Racism and religion, hatred and friendship, bullying and war, atomic bombs and the consequences of using them — heavy stuff to pack into a faith-based film aimed at children.
Faith moves the upbeat story of this 'Little Boy'
REVIEW: The ambitious "Little Boy" is a cluttered weeper whose lessons might have stuck had there been fewer of them.
By ROGER MOORE
"Little Boy" is loaded with weighty subjects and teachable moments, all doled out between generous helpings of tragedy and sentiment. It's ambitious, but a cluttered weeper whose lessons might have stuck, had there been fewer of them.
Pepper (Jakob Salvati) grows up during World War II, and has to send his best friend, his "partner," his dad (Michael Rapaport) into combat in the Pacific. The teen brother (David Henrie) who didn't qualify for service makes sure that Pepper, derisively nicknamed "Little Boy" by one and all, knows who to hate. Their nickname starts with a "J" and ends with an "ap."
Little Boy finds his racism lessons interrupted when a kindly priest (the superb Tom Wilkinson) forces him to befriend the other most bullied person in their coastal California town — Hashimoto (Cary-Hiroyuki Tagawa), an older man just released from an internment camp.

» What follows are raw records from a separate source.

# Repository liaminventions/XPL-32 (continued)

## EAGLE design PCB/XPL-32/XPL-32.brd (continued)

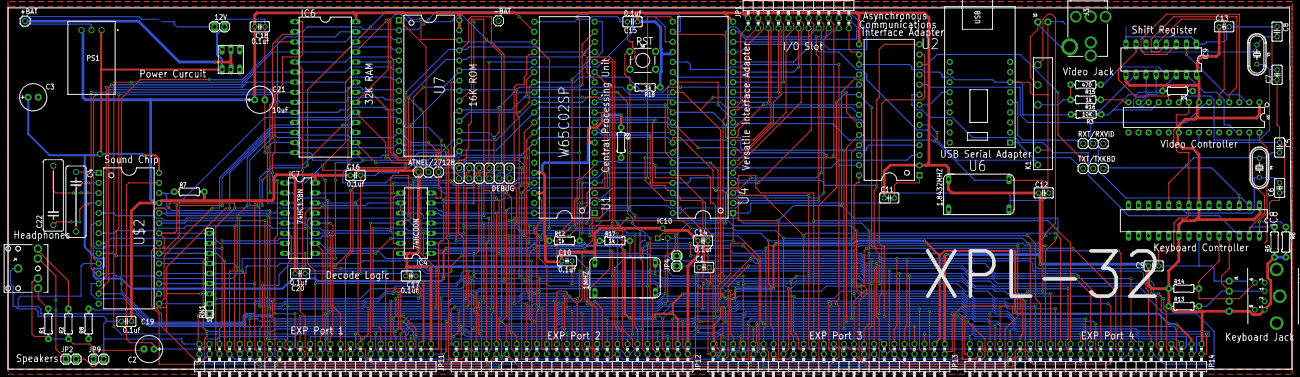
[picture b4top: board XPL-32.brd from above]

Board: 2 copper layers, 323.8 x 91.1 mm, 81 parts (1 on the bottom side), 116 nets.

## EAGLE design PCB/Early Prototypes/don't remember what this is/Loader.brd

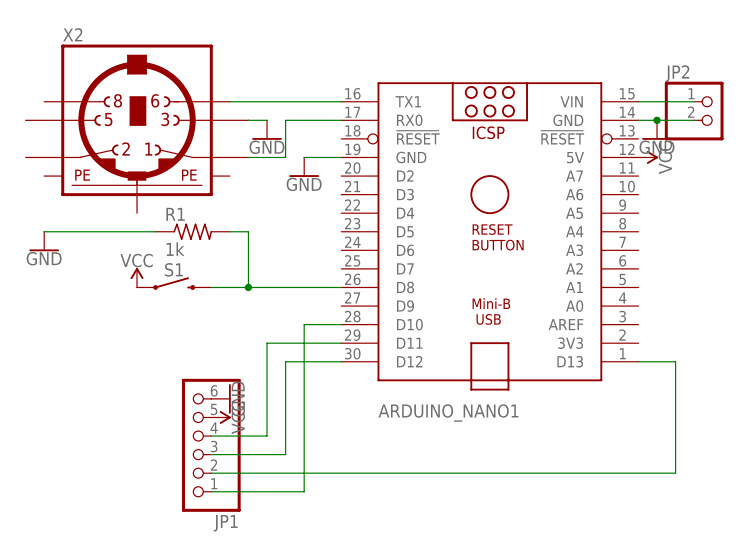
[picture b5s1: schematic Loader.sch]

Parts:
ARDUINO_NANO1: ARDUINO_NANO
JP1: PINHD-1X6; 1X06
JP2: PINHD-1X2; 1X02
R1: 1k; 0204/7
S1: MOMENTARY-SWITCH-SPST-PTH-6.0MM; TACTILE_SWITCH_PTH_6.0MM
X2: MINI_DIN_6; M_DIN6

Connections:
GND: ARDUINO_NANO1.14 (GND), ARDUINO_NANO1.19 (GND), JP1.6, JP2.2, R1.1, X2.3
unnamed: ARDUINO_NANO1.16 (TX1), X2.6
unnamed: ARDUINO_NANO1.17 (RX0), X2.1
unnamed: ARDUINO_NANO1.15 (VIN), JP2.1
unnamed: ARDUINO_NANO1.29 (D11), JP1.4
unnamed: ARDUINO_NANO1.30 (D12), JP1.3
unnamed: ARDUINO_NANO1.1 (D13), JP1.2
unnamed: ARDUINO_NANO1.28 (D10), JP1.1
unnamed: ARDUINO_NANO1.26 (D8), R1.2, S1.3 (2)
PE1: X2.SH1 (PE1)
PE2: X2.SH2 (PE2)
PE3: X2.SH3 (PE3)
VCC: ARDUINO_NANO1.12 (5V), JP1.5, S1.1

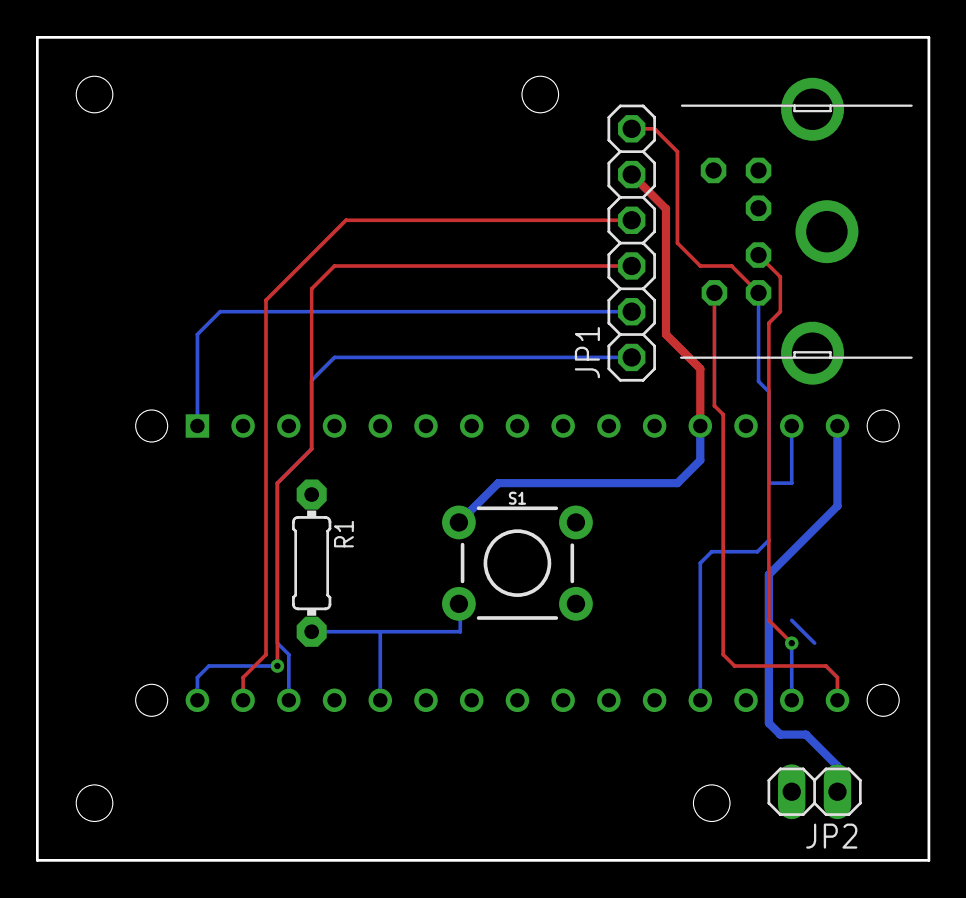
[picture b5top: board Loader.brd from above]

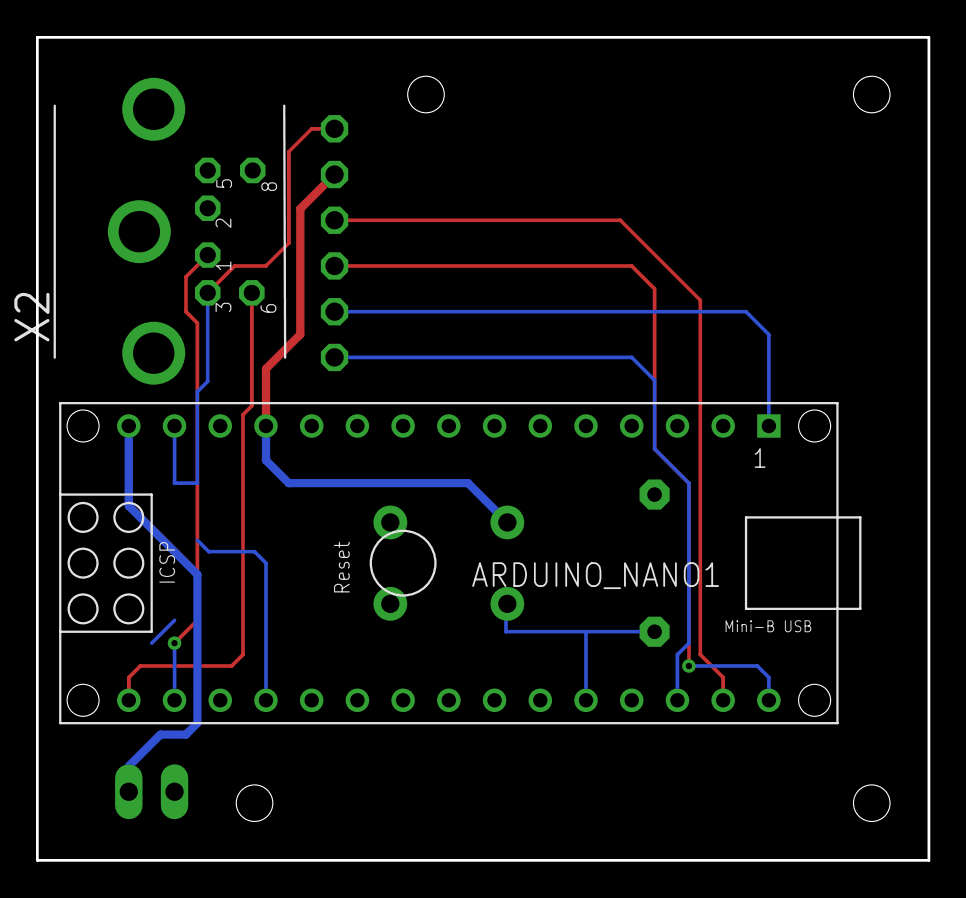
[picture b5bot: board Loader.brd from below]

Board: 2 copper layers, 49.5 x 45.7 mm, 6 parts (2 on the bottom side), 10 nets.

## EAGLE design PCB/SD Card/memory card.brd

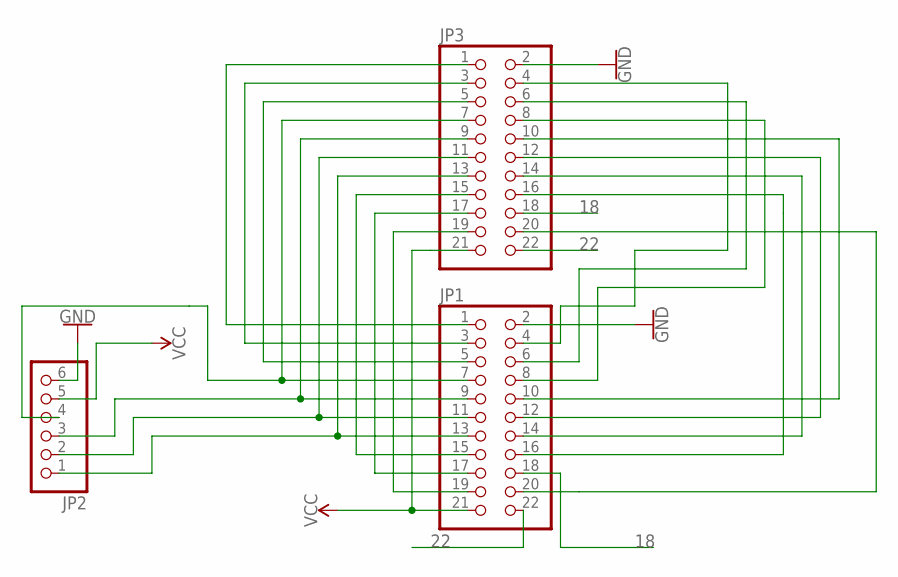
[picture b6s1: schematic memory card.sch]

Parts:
JP1, JP3: PINHD-2X11/90; 2X11/90
JP2: PINHD-1X6; 1X06

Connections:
18: JP1.18, JP3.18
22: JP1.22, JP3.22
GND: JP1.2, JP2.6, JP3.2
unnamed: JP1.20, JP3.20
unnamed: JP1.16, JP3.16
unnamed: JP1.14, JP3.14
unnamed: JP1.8, JP3.8
unnamed: JP1.19, JP3.19
unnamed: JP1.17, JP3.17
unnamed: JP1.15, JP3.15
unnamed: JP1.13, JP2.1, JP3.13
unnamed: JP1.11, JP2.2, JP3.11
unnamed: JP1.9, JP2.3, JP3.9
unnamed: JP1.7, JP2.4, JP3.7
unnamed: JP1.5, JP3.5
unnamed: JP1.3, JP3.3
unnamed: JP1.1, JP3.1
unnamed: JP1.6, JP3.6
unnamed: JP1.4, JP3.4
unnamed: JP1.12, JP3.12
unnamed: JP1.10, JP3.10
VCC: JP1.21, JP2.5, JP3.21

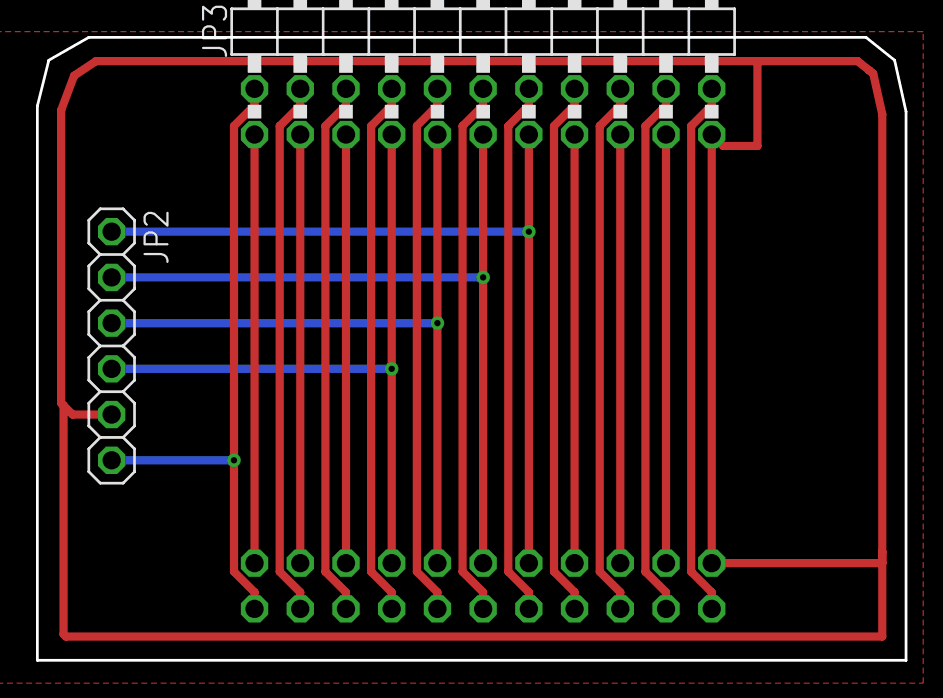
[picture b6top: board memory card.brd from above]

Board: 2 copper layers, 48.3 x 34.6 mm, 3 parts (1 on the bottom side), 22 nets.

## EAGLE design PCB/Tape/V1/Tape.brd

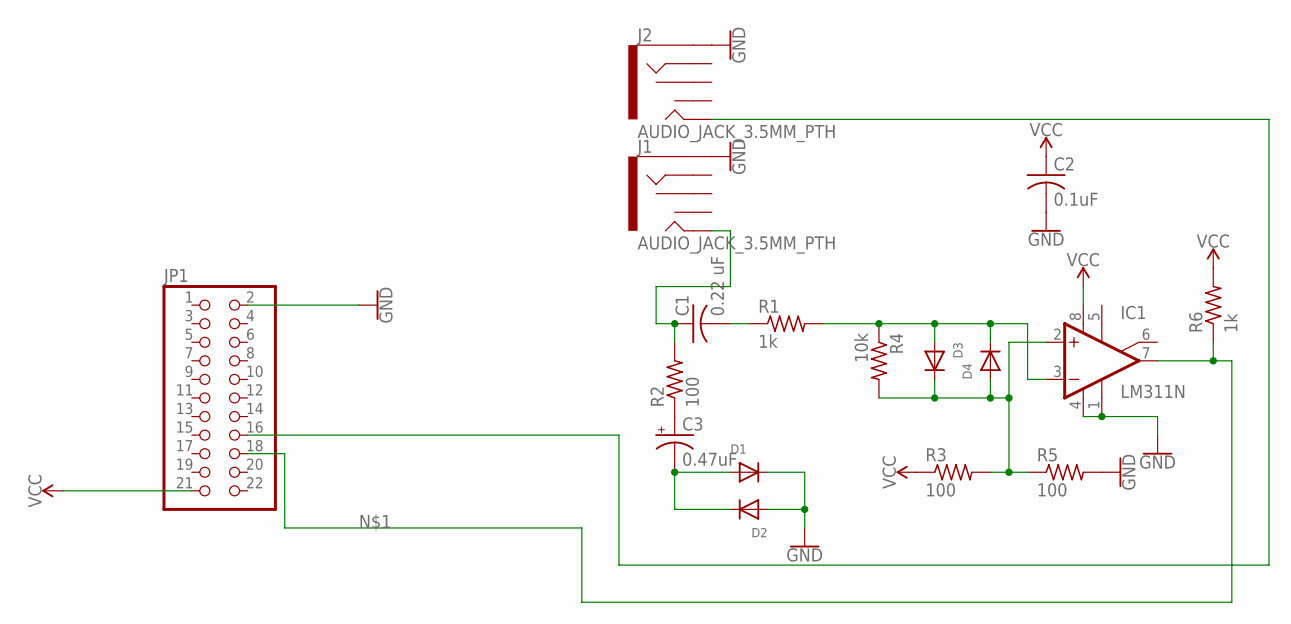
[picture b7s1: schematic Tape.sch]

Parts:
C1: 0.22 uF; C025-030X050
C2: 0.1uF; C025-030X050
C3: 0.47uF; E2,5-5
D1, D2, D3, D4: DIODEDO-1N4148; DO-1N4148
IC1: LM311N; DIL08
J1, J2: AUDIO_JACK_3.5MM_PTH; AUDIO-JACK
JP1: PINHD-2X11/90; 2X11/90
R1, R6: 1k; 0204/7
R2, R3, R5: 100; 0204/7
R4: 10k; 0204/7

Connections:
18: J2.TIP, JP1.16
GND: C2.2, D1.C, D2.A, IC1.1 (GND), IC1.4 (V-), J1.SLEEVE, J2.SLEEVE, JP1.2, R5.2
unnamed: IC1.7 (OUT), JP1.18, R6.1
unnamed: C1.2, R1.1
unnamed: C3.-, D1.A, D2.C
unnamed: C3.+, R2.1
unnamed: D3.A, D4.C, IC1.3 (-IN), R1.2, R4.1
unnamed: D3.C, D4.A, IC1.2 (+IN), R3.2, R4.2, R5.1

The kid, just 8 years old when the movie starts, is a huge fan of a comic-book and movie-serial magician (Ben Chaplin, cute), whose personal appearance at the local theater convinces Pepper and a lot of his peers that Little Boy has magical powers. In a child's mind, faith and magic are given equal billing. Catholic teachings that "a mustard seed" of faith "can move mountains" lead to the confusion. But the priest guides Pepper's Christian education, even if he's not sure that Pepper moved a mountain, that it might have just been an earthquake. And no, Pepper can't end the war and save his father just by pointing his hands at the sun setting over Japan.
"Your faith won't work if you have even the slightest bit of hatred in you," he counsels, and the kid listens.
Writer/director Alejandro Monteverde, who made the 2006 anti-abortion drama "Bella," will give you whiplash with his abrupt changes in tone. Newsreels and animation mimic the racist propaganda of the day, while the teen brother, egged on by the grieving father of a combat casualty, takes up drinking and hate crimes. Mom (Emily Watson) weeps for her missing-in-action husband and is hounded by the opportunistic doctor (Kevin James) who thinks she's a widow. The cute kid dreams of saving the day, and has nightmares about what another "Little Boy" did to Hiroshima.
"Little Boy" is all over the place and unsure of its audience. The "Touched by an Angel/Son of God" team of Roma Downey Jr. and Mark Burnett produced this melodrama and got it into theaters. The "magic" of religion is challenged by the faithless, and the idea of literal miracles is pointedly dismissed.
But where would this "Little Boy" be without faith, without believing in something greater than all the woes that face his world? That lesson, and the kindly and sympathetic presence of Wilkinson, makes this scattered but upbeat serving of schmaltz more palatable than the angrier "God's Not Dead" fare making it into theaters.